The more I learn about business process management, the more I realize that BPM is a green field -- just sitting there awaiting the plow, especially in specific verticals. That point was brought home to me last week during an interview with Robb Duke, senior marketing director for InteractiveSoftworks.

His company provides solutions for the call center environment. From my other life -- as editor of Sourcingmag.com, a Web-based publication about outsourcing -- I know that the more sophisticated call centers are as automated as you can get. Apparently, automation doesn't equate to continuous improvement.

Duke just returned from a major call center conference, IQPC's Call Center Summit, where it was peddling its BPM wares. A large percentage of people who came by the booth had no idea what BPM was. Putting a good face on it, Duke concluded, "It was certainly a good opportunity to educate."

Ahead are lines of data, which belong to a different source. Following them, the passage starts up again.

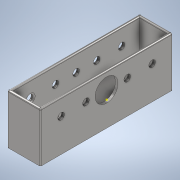
# Autodesk Inventor part: gear holder
Saved by Autodesk Inventor 2022 (Build 260153070, 153G)
## iProperties
Created: 2021-06-28
Part Number: gear holder
Material: Stainless Steel
Document SubType Name: Modeling
Designer: AKASH ARYAN
Density: 8 g/cm^3
Appearance: Semi-Polished
Author: AKASH ARYAN
Autodesk Inventor part; units mm, degrees
ref_plane "YZ Plane" through (0, 0, 0) normal (1, 0, 0) x (0, 1, 0)
ref_plane "XZ Plane" through (0, 0, 0) normal (0, 1, 0) x (-1, 0, 0)
ref_plane "XY Plane" through (0, 0, 0) normal (0, 0, 1) x (1, 0, 0)
sketch "Sketch1" plane through (0, 0, 0) normal (1, 0, 0) x (0, 1, 0)
  line L0 (38.1, 101.6) -> (-38.1, 101.6)
  line L1 (-38.1, 101.6) -> (-38.1, -101.6)
  line L2 (-38.1, -101.6) -> (38.1, -101.6)
  line L3 (38.1, -101.6) -> (38.1, 101.6)
  line L4 (38.1, 101.6) -> (-38.1, -101.6) construction
  line L5 (-38.1, 101.6) -> (38.1, -101.6) construction
  point P0 (0, 0)
  dimension "d0" = 76.2
  dimension "d1" = 203.2
  constraints: 12 end point, 2 midpoint, 2 parallel, 1 horizontal, 1 perpendicular
  measures "d0" distance of L2.end L1.end
  measures "d1" distance of L1.end L0.end
extrude "Extrusion1" add sketch "Sketch1" along normal mid plane 50.8
sketch "Sketch2" plane through (-25.4, 38.1, 101.6) normal (0, 1, 0) x (1, 0, 0)
  line L0 (4, 199.2) -> (46.8, 199.2)
  line L1 (46.8, 199.2) -> (46.8, 4)
  line L2 (46.8, 4) -> (4, 4)
  line L3 (4, 4) -> (4, 199.2)
  line L4 (4, 199.2) -> (46.8, 4) construction
  line L5 (46.8, 199.2) -> (4, 4) construction
  line L6 (0, 0) -> (0, 203.2) projected
  line L7 (0, 0) -> (50.8, 0) projected
  point P0 (25.4, 101.6)
  dimension "d4" = 4
  dimension "d5" = 4
  constraints: 12 end point, 2 midpoint, 2 parallel, 1 horizontal, 1 perpendicular
  measures "d4" distance between parallel lines of L6 L3
  measures "d5" distance between parallel lines of L7 L2
extrude "Extrusion2" cut sketch "Sketch2" against normal blind 47.8
sketch "Sketch5" plane through (-25.4, -38.1, -101.6) normal (0, -1, 0) x (1, 0, 0)
  circle A0 centre (25.4, 152.4) radius 2
  circle A1 centre (25.4, 177.8) radius 2
  circle A2 centre (25.4, 50.8) radius 2
  circle A3 centre (25.4, 25.4) radius 2
  line L0 (50.8, 203.2) -> (0, 203.2) projected
  line L1 (0, 0) -> (50.8, 0) projected
  line L2 (50.8, 203.2) -> (50.8, 0) projected
  point P0 (25.4, 101.6)
  dimension "d33" = 4
  dimension "d34" = 4
  dimension "d35" = 4
  dimension "d36" = 4
  dimension "d37" = 25.4
  dimension "d38" = 25.4
  dimension "d39" = 50.8
  dimension "d40" = 50.8
  dimension "d41" = 25.4
  dimension "d42" = 25.4
  dimension "d43" = 25.4
  dimension "d44" = 25.4
  constraints: 4 centre point
  measures "d33" diameter of A0
  measures "d34" diameter of A1
  measures "d35" diameter of A2
  measures "d36" diameter of A3
  measures "d37" distance from line of L0 A1.centre
  measures "d38" distance from line of A3.centre L1
  measures "d39" distance from line of L0 A0.centre
  measures "d40" distance from line of L1 A2.centre
  measures "d41" distance from line of L2 A2.centre
  measures "d42" distance from line of L2 A3.centre
  measures "d43" distance from line of L2 A1.centre
  measures "d44" distance from line of L2 A0.centre
extrude "Extrusion5" cut sketch "Sketch5" against normal through all
sketch "Sketch6" plane through (25.4, 0, 0) normal (1, 0, 0) x (0, 0, -1)
  point P0 (0, 0)
sketch "Sketch7" plane through (25.4, 0, 0) normal (1, 0, 0) x (0, 0, -1)
  point P0 (0, 0)
sketch "Sketch8" plane through (25.4, 0, 0) normal (1, 0, 0) x (0, 0, -1)
  circle A0 centre (-69.85, 12.7) radius 5
  circle A1 centre (-31.75, 12.7) radius 5
  circle A2 centre (31.75, 12.7) radius 5
  circle A3 centre (69.85, 12.7) radius 5
  line L0 (-101.6, 38.1) -> (-101.6, -38.1)
  line L1 (101.6, -38.1) -> (101.6, 38.1)
  line L2 (101.6, 38.1) -> (-101.6, 38.1) projected
  point P0 (0, 0)
  dimension "d47" = 10
  dimension "d48" = 10
  dimension "d49" = 10
  dimension "d50" = 10
  dimension "d51" = 31.75
  dimension "d52" = 69.85
  dimension "d53" = 31.75
  dimension "d54" = 69.85
  dimension "d55" = 25.4
  dimension "d56" = 25.4
  dimension "d57" = 25.4
  dimension "d58" = 25.4
  constraints: 4 centre point, 4 end point
  measures "d47" diameter of A0
  measures "d48" diameter of A1
  measures "d49" diameter of A2
  measures "d50" diameter of A3
  measures "d51" distance from line of L0 A0.centre
  measures "d52" distance from line of L0 A1.centre
  measures "d53" distance from line of L1 A3.centre
  measures "d54" distance from line of L1 A2.centre
  measures "d55" distance from line of L2 A0.centre
  measures "d56" distance from line of A1.centre L2
  measures "d57" distance from line of A2.centre L2
  measures "d58" distance from line of A3.centre L2
sketch "Sketch9" plane through (25.4, 0, 0) normal (1, 0, 0) x (0, 0, -1)
  point P0 (0, 0)
sketch "Sketch10" plane through (25.4, 0, 0) normal (1, 0, 0) x (0, 0, -1)
  point P0 (0, 0)
extrude "Extrusion6" cut sketch "Sketch8" against normal through all
fillet "Fillet1" radius 2 13 edges at (0, 38.1, 101.6) (0, 38.1, 97.6) (-21.4, 12.7, 74.85) (25.4, 38.1, 0) (21.4, 38.1, 0) (-21.4, 38.1, 0) (-25.4, 38.1, 0) (0, 38.1, -97.6) (0, 38.1, -101.6) (25.4, 0, 101.6) (-25.4, 0, 101.6) (25.4, 0, -101.6) (-25.4, 0, -101.6)
sketch "Sketch11" plane through (0, 0, 0) normal (0, 1, 0) x (-1, 0, 0)
  point P0 (0, 0)
sketch "Sketch12" plane through (0, 0, 0) normal (0, 1, 0) x (-1, 0, 0)
  point P0 (0, 0)
sketch "Sketch13" plane through (-25.4, 0, 0) normal (-1, 0, 0) x (0, 0, 1)
  circle A0 centre (0, 12.7) radius 5
  line L0 (-99.6, -38.1) -> (99.6, -38.1) projected
  point P0 (0, 0)
  dimension "d62" = 10
  dimension "d63" = 50.8
  constraints: 1 centre point
  measures "d62" diameter of A0
  measures "d63" distance from line of L0 A0.centre
extrude "Extrusion7" cut sketch "Sketch13" against normal blind 4
sketch "Sketch14" plane through (25.4, 0, 0) normal (1, 0, 0) x (0, 0, -1)
  circle A0 centre (0, 12.7) radius 17.5
  line L0 (-99.6, 36.1) -> (99.6, 36.1) projected
  point P0 (0, 0)
  dimension "d66" = 35
  dimension "d69" = 23.4
  constraints: 1 centre point
  measures "d66" diameter of A0
  measures "d69" distance from line of A0.centre L0
extrude "Extrusion8" cut sketch "Sketch14" against normal blind 4
sketch "Sketch15" plane through (25.4, 0, 0) normal (1, 0, 0) x (0, 0, -1)
  point P0 (0, 0)
body "Solid1"

InteractiveSoftwork's products include the company's "bread and butter" offering, VoiceNet, a unified contact center solution; Interactive Server, a middleware application server built for Microsoft-centric shops; and the newest release, Metaphor BPM, a process design and business process execution engine. The latter was the reason I wanted the interview in the first place.

Metaphor BPM enables call centers to quicken the pace of change in their operations. Duke provided an example.

"If a call center has a customer and that customer sells cell phones, the cell phone company will say, ‘I want you to make outbound calls. I'm selling five models of cell phones. These are the features. These are the questions I want you to ask. These are potential answers. Here's how you handle objection handling.'"

That involves the creation of a script for agents to follow.

Then maybe the cell phone company decides to remove one product from that offering or it'll want to change the price of one of the models. The applications being used by the agents, says Duke, "are developed by a lonely IT guy in the back. It takes four or five days to program the application" (not because the programming takes that long, but it's probably just one task of many on that person's to-do list). That means the agents have to stop calling because that application needs to be changed.

In the call center world, says Duke, "this is agent downtime when you need to push a new application out." While the agent is still being paid by the contact center, the cell phone company isn't paying when the agents aren't making those outbound calls.

Metaphor BPM enables the company to use a single workflow script that can be pushed real-time as the information needs to be modified. A supervisor can go into Visio and modify the process to reflect the workflow as the client now wants it. Modifying the Visio diagram will modify the application too.

As in many other BPM situations, this puts control of that process tweaking into the hands of the business people, so that the IT staff can focus on the major automation efforts.

My conversation with Duke also clued me into something else: We may find that the most effective BPM solutions are those that come out of the companies making and selling the specific vertical programs in a market, not from the companies that focus exclusively on creating the end-all/be-all BPM suite.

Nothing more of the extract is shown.